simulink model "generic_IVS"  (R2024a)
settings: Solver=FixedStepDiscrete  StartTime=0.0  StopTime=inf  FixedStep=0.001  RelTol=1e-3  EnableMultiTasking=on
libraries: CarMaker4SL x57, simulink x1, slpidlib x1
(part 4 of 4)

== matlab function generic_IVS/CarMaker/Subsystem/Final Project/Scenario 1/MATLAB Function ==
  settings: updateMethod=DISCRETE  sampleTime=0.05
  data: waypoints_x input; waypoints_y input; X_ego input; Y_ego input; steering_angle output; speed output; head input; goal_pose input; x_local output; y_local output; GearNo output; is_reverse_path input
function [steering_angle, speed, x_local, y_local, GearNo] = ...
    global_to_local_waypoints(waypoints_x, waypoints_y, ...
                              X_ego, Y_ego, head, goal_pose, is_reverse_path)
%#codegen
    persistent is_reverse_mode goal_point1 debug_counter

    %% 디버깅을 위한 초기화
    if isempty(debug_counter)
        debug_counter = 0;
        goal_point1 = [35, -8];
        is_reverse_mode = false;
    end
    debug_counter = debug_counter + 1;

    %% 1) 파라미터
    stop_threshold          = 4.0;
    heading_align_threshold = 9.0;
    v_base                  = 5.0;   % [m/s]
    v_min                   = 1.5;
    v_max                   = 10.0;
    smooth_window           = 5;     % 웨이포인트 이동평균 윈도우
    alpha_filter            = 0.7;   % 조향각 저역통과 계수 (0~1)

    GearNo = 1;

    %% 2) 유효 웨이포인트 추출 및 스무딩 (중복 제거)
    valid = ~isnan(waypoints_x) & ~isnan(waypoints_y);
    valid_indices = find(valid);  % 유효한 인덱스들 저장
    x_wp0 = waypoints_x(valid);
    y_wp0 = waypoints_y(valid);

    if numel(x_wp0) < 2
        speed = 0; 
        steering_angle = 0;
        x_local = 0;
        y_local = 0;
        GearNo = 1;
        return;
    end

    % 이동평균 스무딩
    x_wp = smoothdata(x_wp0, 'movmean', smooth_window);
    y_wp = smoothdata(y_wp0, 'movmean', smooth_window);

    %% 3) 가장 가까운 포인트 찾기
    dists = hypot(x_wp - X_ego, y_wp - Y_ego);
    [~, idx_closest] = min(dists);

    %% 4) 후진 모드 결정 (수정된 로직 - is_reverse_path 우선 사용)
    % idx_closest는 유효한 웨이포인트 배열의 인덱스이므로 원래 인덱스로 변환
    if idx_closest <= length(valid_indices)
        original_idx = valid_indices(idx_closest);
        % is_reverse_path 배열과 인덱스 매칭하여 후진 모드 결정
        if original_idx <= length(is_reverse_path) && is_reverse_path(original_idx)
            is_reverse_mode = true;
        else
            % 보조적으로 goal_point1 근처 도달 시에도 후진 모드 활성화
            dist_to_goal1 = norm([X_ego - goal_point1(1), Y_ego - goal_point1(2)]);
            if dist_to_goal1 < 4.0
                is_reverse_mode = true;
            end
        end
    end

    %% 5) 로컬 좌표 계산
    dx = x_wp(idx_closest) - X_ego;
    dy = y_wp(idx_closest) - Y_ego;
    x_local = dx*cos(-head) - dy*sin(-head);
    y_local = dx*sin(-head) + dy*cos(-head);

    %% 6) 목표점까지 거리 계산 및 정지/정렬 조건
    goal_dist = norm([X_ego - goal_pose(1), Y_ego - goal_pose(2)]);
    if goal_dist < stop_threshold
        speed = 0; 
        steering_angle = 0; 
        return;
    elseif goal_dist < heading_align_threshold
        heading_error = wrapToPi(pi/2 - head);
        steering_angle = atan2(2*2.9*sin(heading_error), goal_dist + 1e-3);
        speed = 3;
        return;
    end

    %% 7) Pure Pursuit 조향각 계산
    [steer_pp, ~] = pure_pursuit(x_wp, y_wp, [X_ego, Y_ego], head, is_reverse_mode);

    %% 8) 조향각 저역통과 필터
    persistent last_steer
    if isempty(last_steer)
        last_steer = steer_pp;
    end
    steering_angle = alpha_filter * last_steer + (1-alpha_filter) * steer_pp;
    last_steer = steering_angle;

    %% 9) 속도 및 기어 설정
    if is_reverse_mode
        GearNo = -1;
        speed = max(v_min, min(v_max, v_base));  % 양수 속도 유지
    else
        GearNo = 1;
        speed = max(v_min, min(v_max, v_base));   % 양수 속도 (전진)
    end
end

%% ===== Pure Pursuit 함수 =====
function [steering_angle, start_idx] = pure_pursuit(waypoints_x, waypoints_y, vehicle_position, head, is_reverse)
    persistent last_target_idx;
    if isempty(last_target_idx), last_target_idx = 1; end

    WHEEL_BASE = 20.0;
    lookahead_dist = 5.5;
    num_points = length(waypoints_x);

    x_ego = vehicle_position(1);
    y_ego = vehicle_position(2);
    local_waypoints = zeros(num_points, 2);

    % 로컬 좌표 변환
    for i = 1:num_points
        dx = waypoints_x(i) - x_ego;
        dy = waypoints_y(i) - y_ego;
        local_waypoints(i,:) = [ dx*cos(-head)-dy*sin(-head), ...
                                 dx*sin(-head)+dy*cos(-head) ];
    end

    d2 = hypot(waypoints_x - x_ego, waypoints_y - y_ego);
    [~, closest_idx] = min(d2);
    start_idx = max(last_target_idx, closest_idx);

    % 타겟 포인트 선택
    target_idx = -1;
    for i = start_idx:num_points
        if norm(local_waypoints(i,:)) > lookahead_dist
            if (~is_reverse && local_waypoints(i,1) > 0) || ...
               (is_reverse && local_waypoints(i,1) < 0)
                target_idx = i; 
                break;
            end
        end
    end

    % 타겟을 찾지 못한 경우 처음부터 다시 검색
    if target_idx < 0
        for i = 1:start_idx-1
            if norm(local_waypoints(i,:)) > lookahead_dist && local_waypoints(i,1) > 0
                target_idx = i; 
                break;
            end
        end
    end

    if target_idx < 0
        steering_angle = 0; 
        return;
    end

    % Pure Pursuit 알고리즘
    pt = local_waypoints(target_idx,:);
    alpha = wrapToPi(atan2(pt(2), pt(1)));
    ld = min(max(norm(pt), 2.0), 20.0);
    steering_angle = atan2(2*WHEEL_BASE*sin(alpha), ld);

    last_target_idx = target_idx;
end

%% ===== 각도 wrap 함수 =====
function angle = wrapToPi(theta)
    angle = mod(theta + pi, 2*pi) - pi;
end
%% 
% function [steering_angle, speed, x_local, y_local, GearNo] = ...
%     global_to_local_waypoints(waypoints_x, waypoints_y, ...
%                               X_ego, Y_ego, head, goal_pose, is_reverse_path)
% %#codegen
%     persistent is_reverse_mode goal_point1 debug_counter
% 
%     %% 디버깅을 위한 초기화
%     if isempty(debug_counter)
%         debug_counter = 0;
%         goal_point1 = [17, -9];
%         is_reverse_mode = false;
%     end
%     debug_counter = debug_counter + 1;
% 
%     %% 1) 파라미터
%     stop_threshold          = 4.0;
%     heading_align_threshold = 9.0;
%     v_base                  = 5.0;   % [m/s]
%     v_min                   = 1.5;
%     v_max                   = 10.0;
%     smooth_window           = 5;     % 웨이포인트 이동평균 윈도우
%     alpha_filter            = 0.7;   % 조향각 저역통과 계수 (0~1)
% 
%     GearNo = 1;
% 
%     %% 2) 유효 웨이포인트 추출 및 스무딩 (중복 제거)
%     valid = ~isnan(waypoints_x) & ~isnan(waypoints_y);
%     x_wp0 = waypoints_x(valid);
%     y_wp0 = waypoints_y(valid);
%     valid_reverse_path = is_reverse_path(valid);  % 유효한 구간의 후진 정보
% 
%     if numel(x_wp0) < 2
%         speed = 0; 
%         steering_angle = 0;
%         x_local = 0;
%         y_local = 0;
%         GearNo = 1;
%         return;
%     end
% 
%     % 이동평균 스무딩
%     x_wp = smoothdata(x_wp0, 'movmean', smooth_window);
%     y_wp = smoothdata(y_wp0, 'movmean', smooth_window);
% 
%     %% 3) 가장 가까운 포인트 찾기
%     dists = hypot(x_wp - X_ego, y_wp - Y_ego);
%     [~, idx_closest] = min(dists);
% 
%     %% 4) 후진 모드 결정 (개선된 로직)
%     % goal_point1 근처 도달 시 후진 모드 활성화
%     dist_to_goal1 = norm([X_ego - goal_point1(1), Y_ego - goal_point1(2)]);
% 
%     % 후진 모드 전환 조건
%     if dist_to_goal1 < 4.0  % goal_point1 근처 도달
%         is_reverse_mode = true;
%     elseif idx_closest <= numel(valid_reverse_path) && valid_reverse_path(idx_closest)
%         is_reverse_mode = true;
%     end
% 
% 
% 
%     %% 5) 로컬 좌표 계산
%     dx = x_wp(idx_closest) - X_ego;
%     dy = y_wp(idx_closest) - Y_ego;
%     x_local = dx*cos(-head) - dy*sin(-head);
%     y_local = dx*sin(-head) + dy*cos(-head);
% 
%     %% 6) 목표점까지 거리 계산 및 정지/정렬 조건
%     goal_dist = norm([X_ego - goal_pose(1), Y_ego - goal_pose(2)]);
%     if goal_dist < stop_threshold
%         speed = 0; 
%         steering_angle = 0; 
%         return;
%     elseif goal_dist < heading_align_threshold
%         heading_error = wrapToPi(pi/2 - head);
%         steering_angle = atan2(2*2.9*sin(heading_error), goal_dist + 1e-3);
- - - -
Task to complete:
Take the line above containing "original_idx = valid_indices(idx_closest);", the line containing "Pure Pursuit 함수", and all lines in between, and copy them exactly without anything else.

Response to the exercise:
        original_idx = valid_indices(idx_closest);
        % is_reverse_path 배열과 인덱스 매칭하여 후진 모드 결정
        if original_idx <= length(is_reverse_path) && is_reverse_path(original_idx)
            is_reverse_mode = true;
        else
            % 보조적으로 goal_point1 근처 도달 시에도 후진 모드 활성화
            dist_to_goal1 = norm([X_ego - goal_point1(1), Y_ego - goal_point1(2)]);
            if dist_to_goal1 < 4.0
                is_reverse_mode = true;
            end
        end
    end

    %% 5) 로컬 좌표 계산
    dx = x_wp(idx_closest) - X_ego;
    dy = y_wp(idx_closest) - Y_ego;
    x_local = dx*cos(-head) - dy*sin(-head);
    y_local = dx*sin(-head) + dy*cos(-head);

    %% 6) 목표점까지 거리 계산 및 정지/정렬 조건
    goal_dist = norm([X_ego - goal_pose(1), Y_ego - goal_pose(2)]);
    if goal_dist < stop_threshold
        speed = 0; 
        steering_angle = 0; 
        return;
    elseif goal_dist < heading_align_threshold
        heading_error = wrapToPi(pi/2 - head);
        steering_angle = atan2(2*2.9*sin(heading_error), goal_dist + 1e-3);
        speed = 3;
        return;
    end

    %% 7) Pure Pursuit 조향각 계산
    [steer_pp, ~] = pure_pursuit(x_wp, y_wp, [X_ego, Y_ego], head, is_reverse_mode);

    %% 8) 조향각 저역통과 필터
    persistent last_steer
    if isempty(last_steer)
        last_steer = steer_pp;
    end
    steering_angle = alpha_filter * last_steer + (1-alpha_filter) * steer_pp;
    last_steer = steering_angle;

    %% 9) 속도 및 기어 설정
    if is_reverse_mode
        GearNo = -1;
        speed = max(v_min, min(v_max, v_base));  % 양수 속도 유지
    else
        GearNo = 1;
        speed = max(v_min, min(v_max, v_base));   % 양수 속도 (전진)
    end
end

%% ===== Pure Pursuit 함수 =====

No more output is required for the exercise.